About this task: Within the records below, find each line with the word "profile" and copy it out.

□ □ □

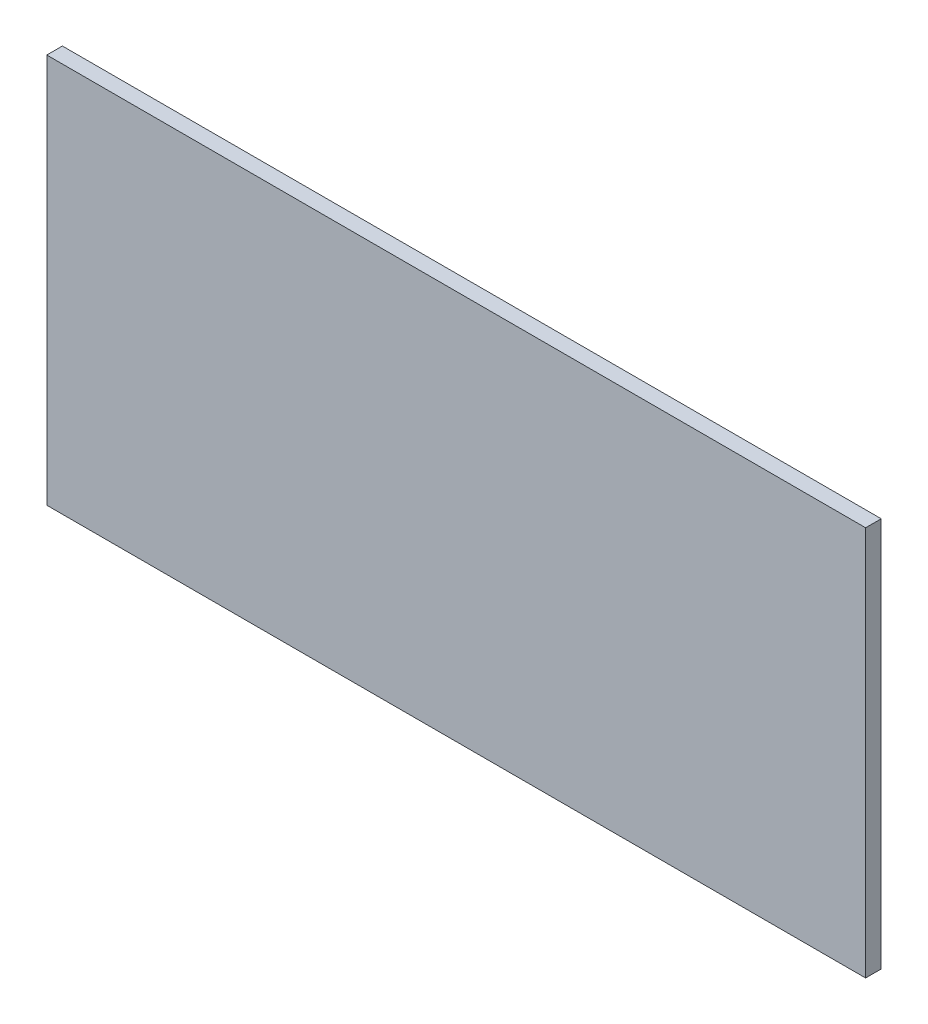
SolidWorks part; units mm, degrees
ref_plane "前视基准面" through (0, 0, 0) normal (0, 0, 1) x (1, 0, 0)
ref_plane "上视基准面" through (0, 0, 0) normal (0, 1, 0) x (1, 0, 0)
ref_plane "右视基准面" through (0, 0, 0) normal (1, 0, 0) x (0, 0, -1)
sketch "草图1" plane through (0, 0, 0) normal (0, 0, 1) x (1, 0, 0)
  line L0 (20, 25) -> (20, -25)
  line L1 (20, 25) -> (125, 25)
  line L2 (20, -25) -> (125, -25)
  line L3 (125, 25) -> (125, -25)
extrude "凸台-拉伸1" add sketch "草图1" along normal blind 2
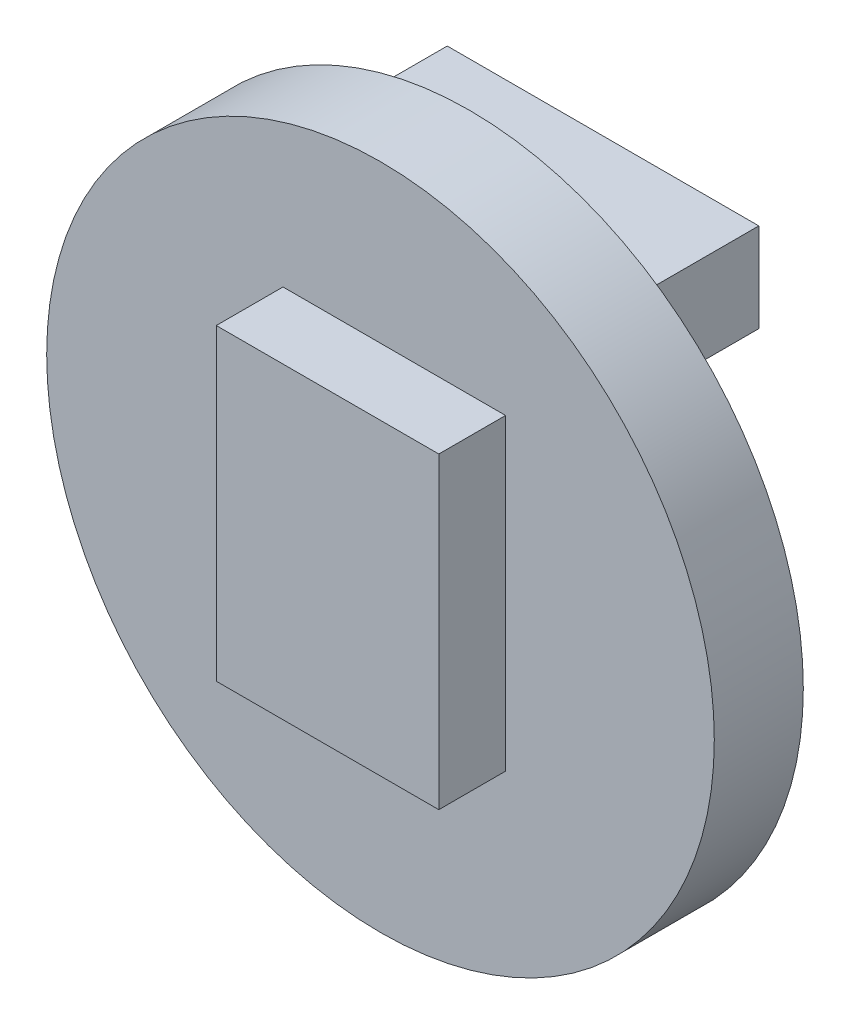
SolidWorks part; units mm, degrees
ref_plane "Front Plane" through (0, 0, 0) normal (0, 0, 1) x (1, 0, 0)
ref_plane "Top Plane" through (0, 0, 0) normal (0, 1, 0) x (1, 0, 0)
ref_plane "Right Plane" through (0, 0, 0) normal (1, 0, 0) x (0, 0, -1)
sketch "Sketch1" plane through (0, 0, 0) normal (0, 0, 1) x (1, 0, 0)
  circle A0 centre (0, 0) radius 7.5
  dimension "D1" = 15
extrude "Boss-Extrude1" add sketch "Sketch1" along normal blind 2
sketch "Sketch2" plane through (0, 0, 2) normal (0, 0, 1) x (1, 0, 0)
  line L1 (-2.1898, 3.9665) -> (2.8102, 3.9665)
  line L2 (-2.1898, 3.9665) -> (-2.1898, -2.9543)
  line L3 (-2.1898, -2.9543) -> (2.8102, -2.9543)
  line L4 (2.8102, 3.9665) -> (2.8102, -2.9543)
  line L5 (-2.1898, 3.9665) -> (2.8102, -2.9543) construction
  line L6 (-2.1898, -2.9543) -> (2.8102, 3.9665) construction
  point P0 (0.3102, 0.5061)
  dimension "D1" = 6.9208
  dimension "D2" = 5
extrude "Boss-Extrude2" add sketch "Sketch2" along normal blind 1.5
sketch "Sketch3" plane through (0, 0, 0) normal (0, 0, -1) x (-1, 0, 0)
  line L1 (-3.5, 5.5) -> (3.5, 5.5)
  line L2 (-3.5, 5.5) -> (-3.5, 3.5)
  line L3 (-3.5, 3.5) -> (3.5, 3.5)
  line L4 (3.5, 5.5) -> (3.5, 3.5)
  line L5 (-3.5, 5.5) -> (3.5, 3.5) construction
  line L6 (-3.5, 3.5) -> (3.5, 5.5) construction
  circle A0 centre (0, 0) radius 7.5 construction
  point P0 (0, 4.5)
  point P5 (0, 7.5)
  dimension "D1" = 2
  dimension "D2" = 7
  dimension "D3" = 2
extrude "Boss-Extrude3" add sketch "Sketch3" along normal blind 3
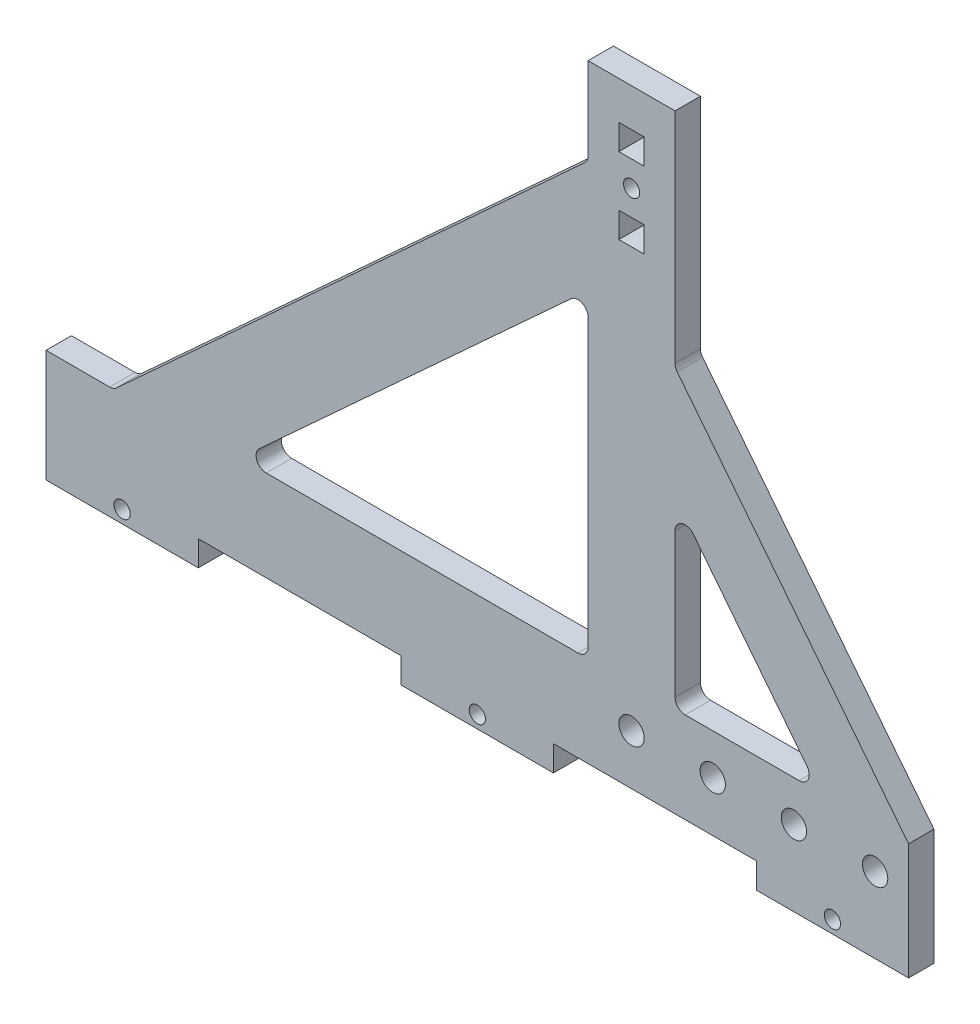
SolidWorks part; units mm, degrees
ref_plane "Front Plane" through (0, 0, 0) normal (0, 0, 1) x (1, 0, 0)
ref_plane "Top Plane" through (0, 0, 0) normal (0, 1, 0) x (1, 0, 0)
ref_plane "Right Plane" through (0, 0, 0) normal (1, 0, 0) x (0, 0, -1)
sketch "Sketch1" plane through (0, 0, 0) normal (0, 0, 1) x (1, 0, 0)
  line L4 (21.7678, 129.6673) -> (0, 129.6673)
  line L5 (0, 129.6673) -> (0, 109.0169)
  line L8 (-97.5764, -22.7327) -> (-46.7764, -22.7327)
  line L11 (80.2236, 0) -> (22.3142, 73.3492)
  line L14 (21.7678, 129.6673) -> (21.7678, 74.9232)
  line L17 (-135.6764, -0.9649) -> (-119.7586, -0.9649)
  line L18 (-118.0423, -0.2973) -> (-0.8237, 107.1445)
  line L19 (-135.6764, -29.0827) -> (-97.5764, -29.0827)
  line L20 (24.3078, 0) -> (52.8229, 0)
  line L21 (54.8164, 4.1139) -> (26.3014, 40.2317)
  line L22 (21.7678, 38.6578) -> (21.7678, 2.54)
  line L23 (-97.5764, -29.0827) -> (-97.5764, -22.7327)
  line L24 (0, 2.54) -> (0, 74.0585)
  line L25 (-4.2563, 75.9309) -> (-82.2826, 4.4124)
  line L26 (-80.5664, 0) -> (-2.54, 0)
  line L28 (80.2236, -29.0827) -> (42.1236, -29.0827)
  line L29 (42.1236, -29.0827) -> (42.1236, -22.7327)
  line L30 (-46.7764, -22.7327) -> (-46.7764, -29.0827)
  line L31 (-46.7764, -29.0827) -> (-8.6764, -29.0827)
  line L32 (-8.6764, -29.0827) -> (-8.6764, -22.7327)
  line L33 (-8.6764, -22.7327) -> (42.1236, -22.7327)
  line L34 (-135.6764, -0.9649) -> (-135.6764, -29.0827)
  line L35 (80.2236, 0) -> (80.2236, -29.0827)
  line L37 (7.7089, 113.7923) -> (14.0589, 113.7923)
  line L38 (7.7089, 113.7923) -> (7.7089, 120.1423)
  line L39 (7.7089, 120.1423) -> (14.0589, 120.1423)
  line L40 (14.0589, 113.7923) -> (14.0589, 120.1423)
  line L41 (7.7089, 113.7923) -> (14.0589, 120.1423) construction
  line L42 (7.7089, 120.1423) -> (14.0589, 113.7923) construction
  line L43 (7.7089, 94.7423) -> (14.0589, 94.7423)
  line L44 (7.7089, 94.7423) -> (7.7089, 101.0923)
  line L45 (7.7089, 101.0923) -> (14.0589, 101.0923)
  line L46 (14.0589, 94.7423) -> (14.0589, 101.0923)
  line L47 (7.7089, 94.7423) -> (14.0589, 101.0923) construction
  line L48 (7.7089, 101.0923) -> (14.0589, 94.7423) construction
  arc A0 (52.8229, 0) -> (54.8164, 4.1139) centre (52.8229, 2.54) ccw
  arc A1 (26.3014, 40.2317) -> (21.7678, 38.6578) centre (24.3078, 38.6578) ccw
  arc A2 (21.7678, 2.54) -> (24.3078, 0) centre (24.3078, 2.54) ccw
  arc A3 (-82.2826, 4.4124) -> (-80.5664, 0) centre (-80.5664, 2.54) ccw
  arc A4 (-2.54, 0) -> (0, 2.54) centre (-2.54, 2.54) ccw
  arc A5 (0, 74.0585) -> (-4.2563, 75.9309) centre (-2.54, 74.0585) ccw
  arc A6 (-119.7586, -0.9649) -> (-118.0423, -0.2973) centre (-119.7586, 1.5751) ccw
  arc A7 (0, 109.0169) -> (-0.8237, 107.1445) centre (-2.54, 109.0169) cw
  arc A8 (22.3142, 73.3492) -> (21.7678, 74.9232) centre (24.3078, 74.9232) cw
  circle A9 centre (-116.6264, -25.9077) radius 2.032
  circle A10 centre (-27.7264, -25.9077) radius 2.032
  circle A11 centre (61.1736, -25.9077) radius 2.032
  circle A12 centre (10.8839, 107.4423) radius 2.032
  point P18 (58.0644, 0)
  point P23 (21.7678, 45.974)
  point P26 (21.7678, 0)
  point P29 (-87.0966, 0)
  point P32 (0, 0)
  point P35 (0, 79.8322)
  point P39 (-118.7706, -0.9649)
  point P42 (0, 107.8995)
  point P45 (21.7678, 74.0413)
  point P53 (10.8839, 116.9673)
  point P55 (-97.5764, -25.9077)
  point P56 (-116.6264, -29.0827)
  point P61 (-27.7264, -29.0827)
  point P62 (-8.6764, -25.9077)
  point P67 (42.1236, -25.9077)
  point P68 (61.1736, -29.0827)
  point P70 (10.8839, 129.6673)
  point P72 (10.8839, 97.9173)
  dimension "D15" = 2.54
  dimension "D16" = 2.54
  dimension "D4" = 4.064
  dimension "D17" = 4.064
  dimension "D24" = 4.064
  dimension "D25" = 4.064
  dimension "D2" = 152.4
  dimension "D3" = 6.35
  dimension "D5" = 94.3356
  dimension "D6" = 55.626
  dimension "D7" = 21.7678
  dimension "D8" = 21.7678
  dimension "D9" = 21.7678
  dimension "D10" = 36.2966
  dimension "D11" = 45.974
  dimension "D12" = 79.8322
  dimension "D13" = 87.0966
  dimension "D14" = 21.7678
  dimension "D18" = 38.1
  dimension "D19" = 6.35
  dimension "D20" = 6.35
  dimension "D21" = 12.7
  dimension "D22" = 19.05
  dimension "D23" = 9.525
  dimension "D26" = 215.9
extrude "Boss-Extrude2" add sketch "Sketch1" along normal blind 6.35
sketch "Sketch3" plane through (0, 0, 6.35) normal (0, 0, 1) x (1, 0, 0)
  line L0 (80.2236, -10.16) -> (0, -10.16) construction
  line L1 (80.2236, 0) -> (80.2236, -29.0827) construction
  line L2 (21.7678, 129.6673) -> (0, 129.6673) construction
  circle A2 centre (10.8839, -10.16) radius 3.175
  circle A6 centre (31.2039, -10.16) radius 3.175
  circle A7 centre (51.5239, -10.16) radius 3.175
  circle A8 centre (71.8439, -10.16) radius 3.175
  point P21 (10.8839, 129.6673)
  dimension "D3" = 6.35
  dimension "D4" = 20.32
  dimension "D1" = 10.16
  dimension "D2" = 4
extrude "Cut-Extrude1" cut sketch "Sketch3" along normal through all from surface at -6.35 starting at face at (12.9159, 107.4423, 0)
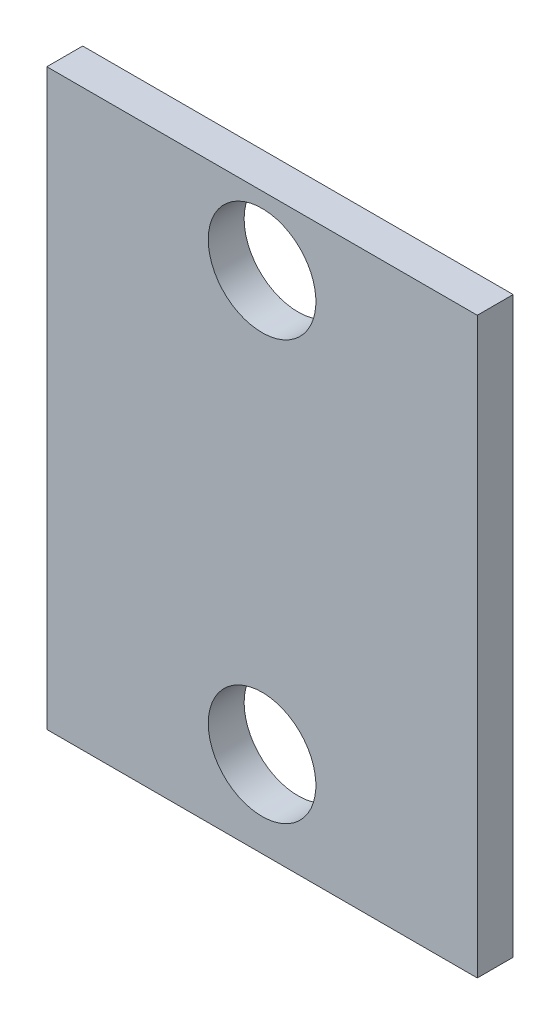
SolidWorks part; units mm, degrees
ref_plane "Front" through (0, 0, 0) normal (0, 0, 1) x (1, 0, 0)
ref_plane "Top" through (0, 0, 0) normal (0, 1, 0) x (1, 0, 0)
ref_plane "Right" through (0, 0, 0) normal (1, 0, 0) x (0, 0, -1)
sketch "Sketch1" plane through (0, 0, 0) normal (0, 0, 1) x (1, 0, 0)
  line L0 (0, -8.89) -> (19.05, -8.89) construction
  line L1 (0, 0) -> (19.05, 0)
  line L2 (0, 0) -> (0, -25.4)
  line L3 (0, -25.4) -> (19.05, -25.4)
  line L4 (19.05, 0) -> (19.05, -25.4)
  point P7 (9.525, -21.59)
  point P8 (9.525, -3.048)
  point P9 (0.375, -0.1268)
  dimension "D1" = 19.05
  dimension "D2" = 25.4
  dimension "D3" = 16.51
  dimension "D4" = 12.7
  dimension "D5" = 5.842
  dimension "D6" = 9.525
  dimension "D7" = 9.525
extrude "Boss-Extrude1" add sketch "Sketch1" along normal blind 1.5875
hole_wizard "3/16 (0.1875) Diameter Hole1" positions "Sketch4" profile "Sketch3" hole size "3/16" standard "ANSI Inch" end condition through all
sketch "Sketch4" plane through (0, 0, 0) normal (0, 0, -1) x (-1, 0, 0)
  point P0 (-9.525, -3.048)
  point P3 (-9.525, -21.59)
sketch "Sketch3" plane through (9.525, -3.048, 0) normal (1, 0, 0) x (0, 1, 0)
  line L0 (0, 0) -> (0, 1.5875)
  line L1 (0, 1.5875) -> (2.3812, 1.5875)
  line L2 (2.3812, 1.5875) -> (2.3812, 0)
  line L5 (2.3812, 0) -> (0, 0)
  line L11 (0, -6.35) -> (0, 107.95) construction
  dimension "Thru Hole Dia." = 4.7625
  dimension "Thru Hole Depth" = 1.5875
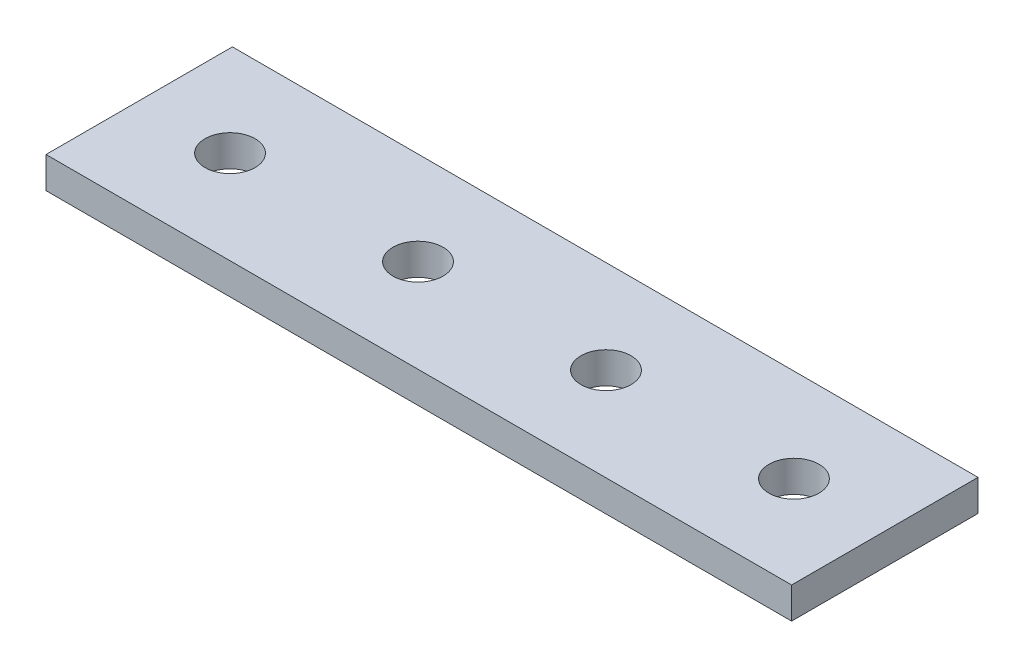
SolidWorks part; units mm, degrees
ref_plane "Front Plane" through (0, 0, 0) normal (0, 0, 1) x (1, 0, 0)
ref_plane "Top Plane" through (0, 0, 0) normal (0, 1, 0) x (1, 0, 0)
ref_plane "Right Plane" through (0, 0, 0) normal (1, 0, 0) x (0, 0, -1)
sketch "Sketch1" plane through (0, 0, 0) normal (0, 1, 0) x (1, 0, 0)
  line L0 (0, 5.95) -> (48, 5.95) construction
  line L1 (0, 0) -> (48, 0)
  line L2 (0, 0) -> (0, 11.9)
  line L3 (0, 11.9) -> (48, 11.9)
  line L4 (48, 0) -> (48, 11.9)
  line L5 (47.8, 11.9) -> (47.8, 0)
  line L6 (0.2, 11.9) -> (0.2, 0)
  point P7 (6, 5.95)
  point P8 (18, 5.95)
  point P9 (30, 5.95)
  point P10 (42, 5.95)
  dimension "D1" = 48
  dimension "D2" = 11.9
  dimension "D3" = 6
  dimension "D4" = 12
  dimension "D5" = 12
  dimension "D6" = 12
  dimension "D7" = 0.2
  dimension "D8" = 0.2
extrude "Boss-Extrude1" add sketch "Sketch1" along normal blind 2 contours L0 L6 L1 L5 | L6 L0 L5 L3
sketch "Sketch2" plane through (0, 2, 0) normal (0, 1, 0) x (1, 0, 0)
  point P0 (42, 5.95)
  point P2 (30, 5.95)
  point P4 (18, 5.95)
  point P6 (6, 5.95)
hole_wizard "M3 Clearance Hole1" positions "Sketch2" profile "Sketch3" hole size "M3" standard "ANSI Metric"
sketch "Sketch3" plane through (42, 2, -5.95) normal (1, 0, 0) x (0, 0, 1)
  line L0 (0, 0) -> (0, 3)
  line L1 (0, 3) -> (1.6, 3)
  line L2 (1.6, 3) -> (1.6, 0)
  line L5 (1.6, 0) -> (0, 0)
  line L10 (0, 3) -> (-1.6, 3) construction
  line L11 (0, -6.35) -> (0, 107.95) construction
  dimension "Hole Dia." = 3.2
  dimension "Hole Depth" = 3
  dimension "Drill Angle" = 180

□ □ □

Task response:
hole_wizard "3/16 (0.1875) Diameter Hole1" positions "Sketch4" profile "Sketch3" hole size "3/16" standard "ANSI Inch" end condition through all
hole_wizard "M3 Clearance Hole1" positions "Sketch2" profile "Sketch3" hole size "M3" standard "ANSI Metric"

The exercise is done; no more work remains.